Professor Gerry McElvaney, Professor of Medicine at RCSI University of Medicine and Health Sciences, has been awarded the HRB Impact Award 2021 by the Health Research Board (HRB).
The award recognizes the lasting impact Prof. McElvaney has had on people’s health and patient care by applying his respiratory medicine research in practice. His work has influenced the development of local, national and international guidelines including European and World Health Organisation developments.
Throughout his career, Prof. McElvaney has consistently demonstrated the benefits that can be achieved by proactively integrating research into policy and practice. His work focused on a specific genetic disorder called alpha 1 anti-trypsin deficiency (AATD) that leads to an increased risk of developing lung complications such as chronic obstructive pulmonary disease (COPD).
“We are very proud that the HRB award committee selected Professor McElvaney for his work Involving patients and the public in research. The Alpha-1 Foundation knows about Professor McElvaney’s commitment to these principles through his service to our board and medical and scientific advisory committee.

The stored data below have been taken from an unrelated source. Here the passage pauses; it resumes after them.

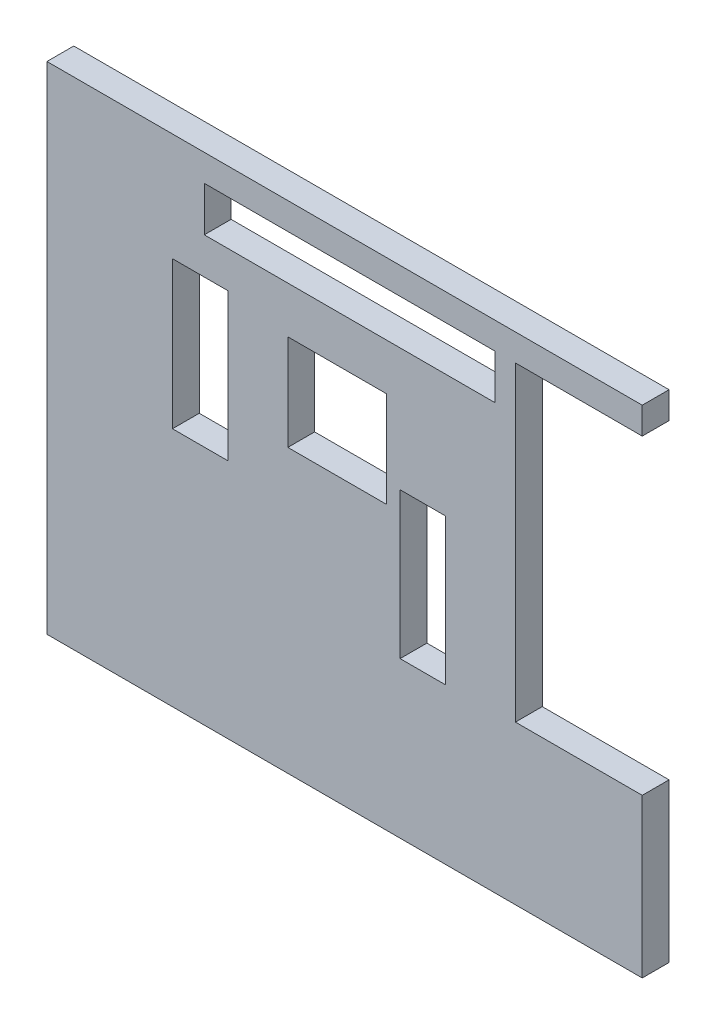
ISO-10303-21;
HEADER;
FILE_DESCRIPTION(('STEP AP214'),'2;1');
FILE_NAME('part.step','',(''),(''),'','','');
FILE_SCHEMA(('AUTOMOTIVE_DESIGN { 1 0 10303 214 1 1 1 1 }'));
ENDSEC;
DATA;
#1=APPLICATION_CONTEXT('core data for automotive mechanical design processes');
#2=APPLICATION_PROTOCOL_DEFINITION('international standard','automotive_design',2000,#1);
#3=PRODUCT_CONTEXT('',#1,'mechanical');
#4=PRODUCT('Part','Part','',(#3));
#5=PRODUCT_RELATED_PRODUCT_CATEGORY('part','',(#4));
#6=PRODUCT_DEFINITION_FORMATION('','',#4);
#7=PRODUCT_DEFINITION_CONTEXT('part definition',#1,'design');
#8=PRODUCT_DEFINITION('design','',#6,#7);
#9=PRODUCT_DEFINITION_SHAPE('','',#8);
#10=(LENGTH_UNIT() NAMED_UNIT(*) SI_UNIT(.MILLI.,.METRE.));
#11=(NAMED_UNIT(*) PLANE_ANGLE_UNIT() SI_UNIT($,.RADIAN.));
#12=(NAMED_UNIT(*) SI_UNIT($,.STERADIAN.) SOLID_ANGLE_UNIT());
#13=UNCERTAINTY_MEASURE_WITH_UNIT(LENGTH_MEASURE(1.E-05),#10,'distance_accuracy_value','');
#14=(GEOMETRIC_REPRESENTATION_CONTEXT(3) GLOBAL_UNCERTAINTY_ASSIGNED_CONTEXT((#13)) GLOBAL_UNIT_ASSIGNED_CONTEXT((#10,
#11,#12)) REPRESENTATION_CONTEXT('',''));
#15=CARTESIAN_POINT('',(0.,0.,0.));
#16=DIRECTION('',(0.,0.,1.));
#17=DIRECTION('',(1.,0.,0.));
#18=AXIS2_PLACEMENT_3D('',#15,#16,#17);
#19=CARTESIAN_POINT('',(0.,0.,5.));
#20=DIRECTION('',(0.,0.,1.));
#21=DIRECTION('',(1.,0.,0.));
#22=AXIS2_PLACEMENT_3D('',#19,#20,#21);
#23=PLANE('',#22);
#24=DIRECTION('',(-1.,0.,0.));
#25=VECTOR('',#24,1.);
#26=CARTESIAN_POINT('',(111.553582562333,91.831917191368,5.));
#27=LINE('',#26,#25);
#28=CARTESIAN_POINT('',(111.553582562333,91.831917191368,5.));
#29=VERTEX_POINT('',#28);
#30=CARTESIAN_POINT('',(0.553582562333453,91.831917191368,5.));
#31=VERTEX_POINT('',#30);
#32=EDGE_CURVE('E405',#29,#31,#27,.T.);
#33=ORIENTED_EDGE('',*,*,#32,.T.);
#34=DIRECTION('',(0.,-1.,0.));
#35=VECTOR('',#34,1.);
#36=CARTESIAN_POINT('',(0.553582562333453,91.831917191368,5.));
#37=LINE('',#36,#35);
#38=CARTESIAN_POINT('',(0.553582562333453,-0.668082808632039,5.));
#39=VERTEX_POINT('',#38);
#40=EDGE_CURVE('E409',#31,#39,#37,.T.);
#41=ORIENTED_EDGE('',*,*,#40,.T.);
#42=DIRECTION('',(-1.,0.,0.));
#43=VECTOR('',#42,1.);
#44=CARTESIAN_POINT('',(111.553582562334,-0.668082808632039,5.));
#45=LINE('',#44,#43);
#46=CARTESIAN_POINT('',(111.553582562334,-0.668082808632039,5.));
#47=VERTEX_POINT('',#46);
#48=EDGE_CURVE('E231',#47,#39,#45,.T.);
#49=ORIENTED_EDGE('',*,*,#48,.F.);
#50=DIRECTION('',(0.,1.,0.));
#51=VECTOR('',#50,1.);
#52=CARTESIAN_POINT('',(111.553582562334,5.33191719136796,5.));
#53=LINE('',#52,#51);
#54=CARTESIAN_POINT('',(111.553582562334,28.831917191368,5.));
#55=VERTEX_POINT('',#54);
#56=EDGE_CURVE('E413',#47,#55,#53,.T.);
#57=ORIENTED_EDGE('',*,*,#56,.T.);
#58=DIRECTION('',(-1.,0.,0.));
#59=VECTOR('',#58,1.);
#60=CARTESIAN_POINT('',(87.9094563292489,28.831917191368,5.));
#61=LINE('',#60,#59);
#62=CARTESIAN_POINT('',(87.9094563292489,28.831917191368,5.));
#63=VERTEX_POINT('',#62);
#64=EDGE_CURVE('E416',#55,#63,#61,.T.);
#65=ORIENTED_EDGE('',*,*,#64,.T.);
#66=DIRECTION('',(0.,1.,0.));
#67=VECTOR('',#66,1.);
#68=CARTESIAN_POINT('',(87.9094563292489,86.831917191368,5.));
#69=LINE('',#68,#67);
#70=CARTESIAN_POINT('',(87.9094563292489,86.831917191368,5.));
#71=VERTEX_POINT('',#70);
#72=EDGE_CURVE('E419',#63,#71,#69,.T.);
#73=ORIENTED_EDGE('',*,*,#72,.T.);
#74=DIRECTION('',(1.,0.,0.));
#75=VECTOR('',#74,1.);
#76=CARTESIAN_POINT('',(87.9094563292489,86.831917191368,5.));
#77=LINE('',#76,#75);
#78=CARTESIAN_POINT('',(111.553582562334,86.831917191368,5.));
#79=VERTEX_POINT('',#78);
#80=EDGE_CURVE('E422',#71,#79,#77,.T.);
#81=ORIENTED_EDGE('',*,*,#80,.T.);
#82=DIRECTION('',(0.,1.,0.));
#83=VECTOR('',#82,1.);
#84=CARTESIAN_POINT('',(111.553582562334,86.831917191368,5.));
#85=LINE('',#84,#83);
#86=EDGE_CURVE('E425',#79,#29,#85,.T.);
#87=ORIENTED_EDGE('',*,*,#86,.T.);
#88=EDGE_LOOP('',(#33,#41,#49,#57,#65,#73,#81,#87));
#89=FACE_BOUND('',#88,.T.);
#90=DIRECTION('',(1.,0.,0.));
#91=VECTOR('',#90,1.);
#92=CARTESIAN_POINT('',(29.8895659596349,78.5077999769822,5.));
#93=LINE('',#92,#91);
#94=CARTESIAN_POINT('',(29.8895659596349,78.5077999769822,5.));
#95=VERTEX_POINT('',#94);
#96=CARTESIAN_POINT('',(84.0931199139453,78.5077999769822,5.));
#97=VERTEX_POINT('',#96);
#98=EDGE_CURVE('E366',#95,#97,#93,.T.);
#99=ORIENTED_EDGE('',*,*,#98,.F.);
#100=DIRECTION('',(0.,-1.,0.));
#101=VECTOR('',#100,1.);
#102=CARTESIAN_POINT('',(29.8895659596349,86.831917191368,5.));
#103=LINE('',#102,#101);
#104=CARTESIAN_POINT('',(29.8895659596349,86.831917191368,5.));
#105=VERTEX_POINT('',#104);
#106=EDGE_CURVE('E363',#105,#95,#103,.T.);
#107=ORIENTED_EDGE('',*,*,#106,.F.);
#108=DIRECTION('',(-1.,0.,0.));
#109=VECTOR('',#108,1.);
#110=CARTESIAN_POINT('',(29.8895659596349,86.831917191368,5.));
#111=LINE('',#110,#109);
#112=CARTESIAN_POINT('',(84.0931199139453,86.831917191368,5.));
#113=VERTEX_POINT('',#112);
#114=EDGE_CURVE('E374',#113,#105,#111,.T.);
#115=ORIENTED_EDGE('',*,*,#114,.F.);
#116=DIRECTION('',(0.,1.,0.));
#117=VECTOR('',#116,1.);
#118=CARTESIAN_POINT('',(84.0931199139453,86.831917191368,5.));
#119=LINE('',#118,#117);
#120=EDGE_CURVE('E370',#97,#113,#119,.T.);
#121=ORIENTED_EDGE('',*,*,#120,.F.);
#122=EDGE_LOOP('',(#99,#107,#115,#121));
#123=FACE_BOUND('',#122,.T.);
#124=DIRECTION('',(1.,0.,0.));
#125=VECTOR('',#124,1.);
#126=CARTESIAN_POINT('',(23.9606206307256,44.2276050995337,5.));
#127=LINE('',#126,#125);
#128=CARTESIAN_POINT('',(23.9606206307256,44.2276050995337,5.));
#129=VERTEX_POINT('',#128);
#130=CARTESIAN_POINT('',(34.3307020953509,44.2276050995337,5.));
#131=VERTEX_POINT('',#130);
#132=EDGE_CURVE('E323',#129,#131,#127,.T.);
#133=ORIENTED_EDGE('',*,*,#132,.F.);
#134=DIRECTION('',(0.,-1.,0.));
#135=VECTOR('',#134,1.);
#136=CARTESIAN_POINT('',(23.9606206307256,71.6891171262523,5.));
#137=LINE('',#136,#135);
#138=CARTESIAN_POINT('',(23.9606206307256,71.6891171262523,5.));
#139=VERTEX_POINT('',#138);
#140=EDGE_CURVE('E320',#139,#129,#137,.T.);
#141=ORIENTED_EDGE('',*,*,#140,.F.);
#142=DIRECTION('',(-1.,0.,0.));
#143=VECTOR('',#142,1.);
#144=CARTESIAN_POINT('',(23.9606206307256,71.6891171262523,5.));
#145=LINE('',#144,#143);
#146=CARTESIAN_POINT('',(34.3307020953509,71.6891171262523,5.));
#147=VERTEX_POINT('',#146);
#148=EDGE_CURVE('E331',#147,#139,#145,.T.);
#149=ORIENTED_EDGE('',*,*,#148,.F.);
#150=DIRECTION('',(0.,1.,0.));
#151=VECTOR('',#150,1.);
#152=CARTESIAN_POINT('',(34.3307020953509,71.6891171262523,5.));
#153=LINE('',#152,#151);
#154=EDGE_CURVE('E327',#131,#147,#153,.T.);
#155=ORIENTED_EDGE('',*,*,#154,.F.);
#156=EDGE_LOOP('',(#133,#141,#149,#155));
#157=FACE_BOUND('',#156,.T.);
#158=DIRECTION('',(1.,0.,0.));
#159=VECTOR('',#158,1.);
#160=CARTESIAN_POINT('',(66.4011392174332,28.331917191368,5.));
#161=LINE('',#160,#159);
#162=CARTESIAN_POINT('',(66.4011392174332,28.331917191368,5.));
#163=VERTEX_POINT('',#162);
#164=CARTESIAN_POINT('',(74.8508352256465,28.331917191368,5.));
#165=VERTEX_POINT('',#164);
#166=EDGE_CURVE('E280',#163,#165,#161,.T.);
#167=ORIENTED_EDGE('',*,*,#166,.F.);
#168=DIRECTION('',(0.,-1.,0.));
#169=VECTOR('',#168,1.);
#170=CARTESIAN_POINT('',(66.4011392174332,55.6013906724237,5.));
#171=LINE('',#170,#169);
#172=CARTESIAN_POINT('',(66.4011392174332,55.6013906724237,5.));
#173=VERTEX_POINT('',#172);
#174=EDGE_CURVE('E277',#173,#163,#171,.T.);
#175=ORIENTED_EDGE('',*,*,#174,.F.);
#176=DIRECTION('',(-1.,0.,0.));
#177=VECTOR('',#176,1.);
#178=CARTESIAN_POINT('',(66.4011392174332,55.6013906724237,5.));
#179=LINE('',#178,#177);
#180=CARTESIAN_POINT('',(74.8508352256465,55.6013906724237,5.));
#181=VERTEX_POINT('',#180);
#182=EDGE_CURVE('E288',#181,#173,#179,.T.);
#183=ORIENTED_EDGE('',*,*,#182,.F.);
#184=DIRECTION('',(0.,1.,0.));
#185=VECTOR('',#184,1.);
#186=CARTESIAN_POINT('',(74.8508352256465,55.6013906724237,5.));
#187=LINE('',#186,#185);
#188=EDGE_CURVE('E284',#165,#181,#187,.T.);
#189=ORIENTED_EDGE('',*,*,#188,.F.);
#190=EDGE_LOOP('',(#167,#175,#183,#189));
#191=FACE_BOUND('',#190,.T.);
#192=DIRECTION('',(1.,0.,0.));
#193=VECTOR('',#192,1.);
#194=CARTESIAN_POINT('',(45.4689377425412,51.9723324467121,5.));
#195=LINE('',#194,#193);
#196=CARTESIAN_POINT('',(45.4689377425412,51.9723324467121,5.));
#197=VERTEX_POINT('',#196);
#198=CARTESIAN_POINT('',(63.9046381240975,51.9723324467121,5.));
#199=VERTEX_POINT('',#198);
#200=EDGE_CURVE('E242',#197,#199,#195,.T.);
#201=ORIENTED_EDGE('',*,*,#200,.F.);
#202=DIRECTION('',(0.,-1.,0.));
#203=VECTOR('',#202,1.);
#204=CARTESIAN_POINT('',(45.4689377425412,69.831917191368,5.));
#205=LINE('',#204,#203);
#206=CARTESIAN_POINT('',(45.4689377425412,69.831917191368,5.));
#207=VERTEX_POINT('',#206);
#208=EDGE_CURVE('E239',#207,#197,#205,.T.);
#209=ORIENTED_EDGE('',*,*,#208,.F.);
#210=DIRECTION('',(-1.,0.,0.));
#211=VECTOR('',#210,1.);
#212=CARTESIAN_POINT('',(45.4689377425412,69.831917191368,5.));
#213=LINE('',#212,#211);
#214=CARTESIAN_POINT('',(63.9046381240975,69.831917191368,5.));
#215=VERTEX_POINT('',#214);
#216=EDGE_CURVE('E249',#215,#207,#213,.T.);
#217=ORIENTED_EDGE('',*,*,#216,.F.);
#218=DIRECTION('',(0.,1.,0.));
#219=VECTOR('',#218,1.);
#220=CARTESIAN_POINT('',(63.9046381240975,69.831917191368,5.));
#221=LINE('',#220,#219);
#222=EDGE_CURVE('E246',#199,#215,#221,.T.);
#223=ORIENTED_EDGE('',*,*,#222,.F.);
#224=EDGE_LOOP('',(#201,#209,#217,#223));
#225=FACE_BOUND('',#224,.T.);
#226=ADVANCED_FACE('F41',(#89,#123,#157,#191,#225),#23,.T.);
#227=CARTESIAN_POINT('',(0.,0.,0.));
#228=DIRECTION('',(0.,0.,1.));
#229=DIRECTION('',(1.,0.,0.));
#230=AXIS2_PLACEMENT_3D('',#227,#228,#229);
#231=PLANE('',#230);
#232=DIRECTION('',(0.,-1.,0.));
#233=VECTOR('',#232,1.);
#234=CARTESIAN_POINT('',(66.4011392174332,55.6013906724237,0.));
#235=LINE('',#234,#233);
#236=CARTESIAN_POINT('',(66.4011392174332,55.6013906724237,0.));
#237=VERTEX_POINT('',#236);
#238=CARTESIAN_POINT('',(66.4011392174332,28.331917191368,0.));
#239=VERTEX_POINT('',#238);
#240=EDGE_CURVE('E276',#237,#239,#235,.T.);
#241=ORIENTED_EDGE('',*,*,#240,.T.);
#242=DIRECTION('',(1.,0.,0.));
#243=VECTOR('',#242,1.);
#244=CARTESIAN_POINT('',(66.4011392174332,28.331917191368,0.));
#245=LINE('',#244,#243);
#246=CARTESIAN_POINT('',(74.8508352256465,28.331917191368,0.));
#247=VERTEX_POINT('',#246);
#248=EDGE_CURVE('E295',#239,#247,#245,.T.);
#249=ORIENTED_EDGE('',*,*,#248,.T.);
#250=DIRECTION('',(0.,1.,0.));
#251=VECTOR('',#250,1.);
#252=CARTESIAN_POINT('',(74.8508352256465,55.6013906724237,0.));
#253=LINE('',#252,#251);
#254=CARTESIAN_POINT('',(74.8508352256465,55.6013906724237,0.));
#255=VERTEX_POINT('',#254);
#256=EDGE_CURVE('E299',#247,#255,#253,.T.);
#257=ORIENTED_EDGE('',*,*,#256,.T.);
#258=DIRECTION('',(-1.,0.,0.));
#259=VECTOR('',#258,1.);
#260=CARTESIAN_POINT('',(66.4011392174332,55.6013906724237,0.));
#261=LINE('',#260,#259);
#262=EDGE_CURVE('E281',#255,#237,#261,.T.);
#263=ORIENTED_EDGE('',*,*,#262,.T.);
#264=EDGE_LOOP('',(#241,#249,#257,#263));
#265=FACE_BOUND('',#264,.T.);
#266=DIRECTION('',(0.,-1.,0.));
#267=VECTOR('',#266,1.);
#268=CARTESIAN_POINT('',(29.8895659596349,86.831917191368,0.));
#269=LINE('',#268,#267);
#270=CARTESIAN_POINT('',(29.8895659596349,86.831917191368,0.));
#271=VERTEX_POINT('',#270);
#272=CARTESIAN_POINT('',(29.8895659596349,78.5077999769822,0.));
#273=VERTEX_POINT('',#272);
#274=EDGE_CURVE('E362',#271,#273,#269,.T.);
#275=ORIENTED_EDGE('',*,*,#274,.T.);
#276=DIRECTION('',(1.,0.,0.));
#277=VECTOR('',#276,1.);
#278=CARTESIAN_POINT('',(29.8895659596349,78.5077999769822,0.));
#279=LINE('',#278,#277);
#280=CARTESIAN_POINT('',(84.0931199139453,78.5077999769822,0.));
#281=VERTEX_POINT('',#280);
#282=EDGE_CURVE('E381',#273,#281,#279,.T.);
#283=ORIENTED_EDGE('',*,*,#282,.T.);
#284=DIRECTION('',(0.,1.,0.));
#285=VECTOR('',#284,1.);
#286=CARTESIAN_POINT('',(84.0931199139453,86.831917191368,0.));
#287=LINE('',#286,#285);
#288=CARTESIAN_POINT('',(84.0931199139453,86.831917191368,0.));
#289=VERTEX_POINT('',#288);
#290=EDGE_CURVE('E385',#281,#289,#287,.T.);
#291=ORIENTED_EDGE('',*,*,#290,.T.);
#292=DIRECTION('',(-1.,0.,0.));
#293=VECTOR('',#292,1.);
#294=CARTESIAN_POINT('',(29.8895659596349,86.831917191368,0.));
#295=LINE('',#294,#293);
#296=EDGE_CURVE('E367',#289,#271,#295,.T.);
#297=ORIENTED_EDGE('',*,*,#296,.T.);
#298=EDGE_LOOP('',(#275,#283,#291,#297));
#299=FACE_BOUND('',#298,.T.);
#300=DIRECTION('',(-1.,0.,0.));
#301=VECTOR('',#300,1.);
#302=CARTESIAN_POINT('',(111.553582562333,91.831917191368,0.));
#303=LINE('',#302,#301);
#304=CARTESIAN_POINT('',(111.553582562333,91.831917191368,0.));
#305=VERTEX_POINT('',#304);
#306=CARTESIAN_POINT('',(0.553582562333453,91.831917191368,0.));
#307=VERTEX_POINT('',#306);
#308=EDGE_CURVE('E215',#305,#307,#303,.T.);
#309=ORIENTED_EDGE('',*,*,#308,.F.);
#310=DIRECTION('',(0.,1.,0.));
#311=VECTOR('',#310,1.);
#312=CARTESIAN_POINT('',(111.553582562334,86.831917191368,0.));
#313=LINE('',#312,#311);
#314=CARTESIAN_POINT('',(111.553582562334,86.831917191368,0.));
#315=VERTEX_POINT('',#314);
#316=EDGE_CURVE('E410',#315,#305,#313,.T.);
#317=ORIENTED_EDGE('',*,*,#316,.F.);
#318=DIRECTION('',(1.,0.,0.));
#319=VECTOR('',#318,1.);
#320=CARTESIAN_POINT('',(87.9094563292489,86.831917191368,0.));
#321=LINE('',#320,#319);
#322=CARTESIAN_POINT('',(87.9094563292489,86.831917191368,0.));
#323=VERTEX_POINT('',#322);
#324=EDGE_CURVE('E439',#323,#315,#321,.T.);
#325=ORIENTED_EDGE('',*,*,#324,.F.);
#326=DIRECTION('',(0.,1.,0.));
#327=VECTOR('',#326,1.);
#328=CARTESIAN_POINT('',(87.9094563292489,86.831917191368,0.));
#329=LINE('',#328,#327);
#330=CARTESIAN_POINT('',(87.9094563292489,28.831917191368,0.));
#331=VERTEX_POINT('',#330);
#332=EDGE_CURVE('E436',#331,#323,#329,.T.);
#333=ORIENTED_EDGE('',*,*,#332,.F.);
#334=DIRECTION('',(-1.,0.,0.));
#335=VECTOR('',#334,1.);
#336=CARTESIAN_POINT('',(87.9094563292489,28.831917191368,0.));
#337=LINE('',#336,#335);
#338=CARTESIAN_POINT('',(111.553582562334,28.831917191368,0.));
#339=VERTEX_POINT('',#338);
#340=EDGE_CURVE('E433',#339,#331,#337,.T.);
#341=ORIENTED_EDGE('',*,*,#340,.F.);
#342=DIRECTION('',(0.,1.,0.));
#343=VECTOR('',#342,1.);
#344=CARTESIAN_POINT('',(111.553582562334,5.33191719136796,0.));
#345=LINE('',#344,#343);
#346=CARTESIAN_POINT('',(111.553582562334,-0.668082808632039,0.));
#347=VERTEX_POINT('',#346);
#348=EDGE_CURVE('E214',#347,#339,#345,.T.);
#349=ORIENTED_EDGE('',*,*,#348,.F.);
#350=DIRECTION('',(1.,0.,0.));
#351=VECTOR('',#350,1.);
#352=CARTESIAN_POINT('',(0.553582562333453,-0.668082808632039,0.));
#353=LINE('',#352,#351);
#354=CARTESIAN_POINT('',(0.553582562333453,-0.668082808632039,0.));
#355=VERTEX_POINT('',#354);
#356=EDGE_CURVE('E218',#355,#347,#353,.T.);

We congratulate him on this recognition,” said Miriam O’Day, President & CEO of the Alpha-1 Foundation.
Presenting the award, Dr Mairéad O’Driscoll, Chief Executive at the Health Research Board said: “Professor McElvaney has been applying research evidence to affect positive change in health, care and practice both here in Ireland and on a global scale. This is what the HRB Impact Award is all about. As well as leading advancements in detection, diagnosis and treatment in his own specialty, much of his work and advocacy to discourage smoking is of enormous benefit to the wider public too.
“It is really encouraging to see Prof. McElvaney actively supporting opportunities for public and patient involvement in research. His efforts to understand how this illness affects people’s lives has helped to increase our understanding about respiratory conditions and as a result, led to vast improvements in the standards of care and health outcomes for patients.”
COPD accounts for 5% of all deaths globally and is the second most common cause of lung-related deaths in Ireland. Prof. McElvaney’s research group have developed diagnostic and screening tools for alpha-1 anti-trypsin deficiency which are now replicated globally. He has also played a major role in the development of the only specific treatment currently available for COPD arising from this disorder, called AAT augmentation therapy.
Accepting the HRB Impact Award, Prof. McElvaney said: “It is wonderful to see the outcomes of research materialise into real benefits for patients and the public and how the efforts to translate these findings have visibly improved people’s lives. People are at the centre of this work and we host annual patient conferences where new research and treatment options are discussed together. It is so important that the lived experiences of patients are heard, for example, patient-reported outcomes have been critical in our successful submission to the HSE for the continued payment for augmentation therapy.
“I am enormously grateful to my research team and colleagues who have been key contributors to these advancements to date and to the Health Research Board for their continued support over many years. While we have made significant progress in our understanding of these illnesses there are many questions remaining. Bolstered by this award we will continue to investigate the risks of developing COPD and whether lung disease may differ between different genetic types of AATD. By pursuing this research, we hope to further inform management and treatment strategies so that better patient outcomes continue to arise from this work.”
Prof. Fergal O’Brien, RCSI’s Director of Research and Innovation, who nominated his colleague for the award said: “Throughout his career, Prof. McElvaney has worked continuously to ensure maximum impact of his research. His findings enabled the establishment of the National Targeted Detection programme, the first of its kind in the world, to allow the early detection of those living with alpha-1 anti-trypsin deficiency. To date over 20,000 people have been tested through this programme.
He also set up the Alpha-1 Foundation of Ireland (A1FI), to provide a patient forum and to promote awareness of AATD. One of the organisation’s first acts was to work with the Minister for Health in introducing the workplace smoking ban as people with this deficiency are very susceptible to second-hand smoke. Professor McElvaney continues to raise awareness around smoking cessation and dangers of vaping through school outreach programmes. He has also progressed communications in this area, most recently establishing a helpline for patients with concerns during the covid-19 pandemic.”
Prof. Gerry McElvaney was selected as the winner of the HRB Impact Award following a nomination process and subsequent assessment of candidates by an international panel of health experts.
The announcement took place at this year’s HRB Grant Holders conference, which brings together the HRB-funded research community to engage in discussion around HRB strategy and the challenges relating to health research during the pandemic.